Wilhelm Georg Berger (born 4 December 1929, Rupea; died 8 March 1993, Bucharest) was a Romanian composer, musicologist, violist and conductor.

==Biography==
Berger was born in Rupea, Romania. He learned to play the violin and viola under the instruction of Cecilia Nitulescu-Lupu, Anton Adrian Sarvaş, and Alexandru Rădulescu. He was a violist with the George Enescu Philharmonic Orchestra and was also a member of the Romanian Composer Association string quartet.
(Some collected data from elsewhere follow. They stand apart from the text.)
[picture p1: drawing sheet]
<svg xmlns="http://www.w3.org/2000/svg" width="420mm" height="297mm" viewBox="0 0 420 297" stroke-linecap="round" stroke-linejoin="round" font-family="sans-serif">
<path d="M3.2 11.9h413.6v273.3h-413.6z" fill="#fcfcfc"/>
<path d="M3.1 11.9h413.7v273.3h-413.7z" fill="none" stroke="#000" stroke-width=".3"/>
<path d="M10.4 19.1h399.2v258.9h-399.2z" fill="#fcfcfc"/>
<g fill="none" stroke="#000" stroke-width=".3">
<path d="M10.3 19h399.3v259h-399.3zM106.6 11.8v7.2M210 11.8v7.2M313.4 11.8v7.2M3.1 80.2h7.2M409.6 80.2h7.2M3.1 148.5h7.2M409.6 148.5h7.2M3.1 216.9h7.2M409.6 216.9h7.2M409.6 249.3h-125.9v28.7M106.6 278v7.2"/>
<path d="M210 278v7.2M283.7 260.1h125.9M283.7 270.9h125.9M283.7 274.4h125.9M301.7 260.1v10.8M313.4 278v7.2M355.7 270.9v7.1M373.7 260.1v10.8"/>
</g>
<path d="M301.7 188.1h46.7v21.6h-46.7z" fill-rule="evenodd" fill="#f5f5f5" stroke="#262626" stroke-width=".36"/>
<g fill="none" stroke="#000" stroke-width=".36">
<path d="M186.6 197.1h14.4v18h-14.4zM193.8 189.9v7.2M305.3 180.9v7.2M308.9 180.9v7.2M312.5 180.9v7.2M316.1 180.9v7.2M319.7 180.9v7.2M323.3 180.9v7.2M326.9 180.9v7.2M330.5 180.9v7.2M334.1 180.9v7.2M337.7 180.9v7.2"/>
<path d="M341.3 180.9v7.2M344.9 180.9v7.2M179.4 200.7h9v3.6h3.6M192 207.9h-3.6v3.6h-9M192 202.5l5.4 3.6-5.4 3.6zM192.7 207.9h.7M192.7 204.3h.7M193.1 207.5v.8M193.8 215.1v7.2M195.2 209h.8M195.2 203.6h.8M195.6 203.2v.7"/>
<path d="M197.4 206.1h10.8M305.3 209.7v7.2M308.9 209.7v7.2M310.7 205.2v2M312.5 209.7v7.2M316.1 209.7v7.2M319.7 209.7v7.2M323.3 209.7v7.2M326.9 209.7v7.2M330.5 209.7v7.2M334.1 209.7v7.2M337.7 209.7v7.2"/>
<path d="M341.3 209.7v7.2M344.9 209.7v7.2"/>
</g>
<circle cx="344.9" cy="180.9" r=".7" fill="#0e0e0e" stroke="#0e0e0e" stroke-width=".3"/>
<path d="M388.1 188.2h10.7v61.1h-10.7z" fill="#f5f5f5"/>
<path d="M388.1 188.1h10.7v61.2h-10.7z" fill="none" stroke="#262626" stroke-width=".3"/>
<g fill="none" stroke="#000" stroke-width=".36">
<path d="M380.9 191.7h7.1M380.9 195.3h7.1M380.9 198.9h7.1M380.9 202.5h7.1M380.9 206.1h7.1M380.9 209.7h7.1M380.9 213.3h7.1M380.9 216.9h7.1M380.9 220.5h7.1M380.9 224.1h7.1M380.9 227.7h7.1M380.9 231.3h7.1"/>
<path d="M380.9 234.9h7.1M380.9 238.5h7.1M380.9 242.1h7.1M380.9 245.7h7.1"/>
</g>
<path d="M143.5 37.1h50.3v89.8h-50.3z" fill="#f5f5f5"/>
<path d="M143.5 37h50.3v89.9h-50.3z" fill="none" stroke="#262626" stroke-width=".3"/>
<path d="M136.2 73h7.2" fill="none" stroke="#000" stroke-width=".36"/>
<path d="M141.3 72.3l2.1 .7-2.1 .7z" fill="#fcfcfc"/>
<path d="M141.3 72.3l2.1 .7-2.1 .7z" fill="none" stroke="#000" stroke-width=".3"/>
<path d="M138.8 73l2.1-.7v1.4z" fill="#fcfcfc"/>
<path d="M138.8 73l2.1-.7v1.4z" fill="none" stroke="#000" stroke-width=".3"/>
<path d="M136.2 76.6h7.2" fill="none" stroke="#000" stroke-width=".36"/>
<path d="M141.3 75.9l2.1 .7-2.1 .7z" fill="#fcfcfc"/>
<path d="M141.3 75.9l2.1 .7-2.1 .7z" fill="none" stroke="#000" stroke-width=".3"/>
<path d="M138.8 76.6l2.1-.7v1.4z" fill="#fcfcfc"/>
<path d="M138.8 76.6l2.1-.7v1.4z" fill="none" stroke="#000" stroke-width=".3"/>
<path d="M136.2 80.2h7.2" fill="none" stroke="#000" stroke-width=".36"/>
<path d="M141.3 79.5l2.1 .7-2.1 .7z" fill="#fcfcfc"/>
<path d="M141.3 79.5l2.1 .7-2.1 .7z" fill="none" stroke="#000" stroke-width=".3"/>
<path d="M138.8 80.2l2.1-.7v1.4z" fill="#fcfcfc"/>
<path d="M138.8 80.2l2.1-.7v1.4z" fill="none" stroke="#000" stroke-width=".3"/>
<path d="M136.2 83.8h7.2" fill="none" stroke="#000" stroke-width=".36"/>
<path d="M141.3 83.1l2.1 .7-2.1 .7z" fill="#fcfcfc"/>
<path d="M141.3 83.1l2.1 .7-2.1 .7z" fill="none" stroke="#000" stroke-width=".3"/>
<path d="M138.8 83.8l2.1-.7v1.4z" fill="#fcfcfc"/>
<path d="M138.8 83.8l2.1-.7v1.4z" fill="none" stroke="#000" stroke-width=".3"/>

He was elected a corresponding member of the Romanian Academy in 1991.

==Works==
Berger had a prolific career as a composer. Among his numerous compositions were 24 symphonies, 21 string quartets, oratories, sonatas, concertos, and organ and mass pieces, a number of which garnered him notable awards. He won the Prince Rainier III Composition Award in Monaco for a violin sonata in 1964, and First Prize in Liège in 1965 for his Sixth String Quartet. One of his violin concertos earned him the First Prize in Brussels in 1966. Several of his works are published by the Romanian record label Electrecord, such as his Tenth Symphony.

His musicological work consists of, among others, a series of books about the artistic qualities of sonatas, another series about string quartets, a guidebook for concertos and books about classical composition theory.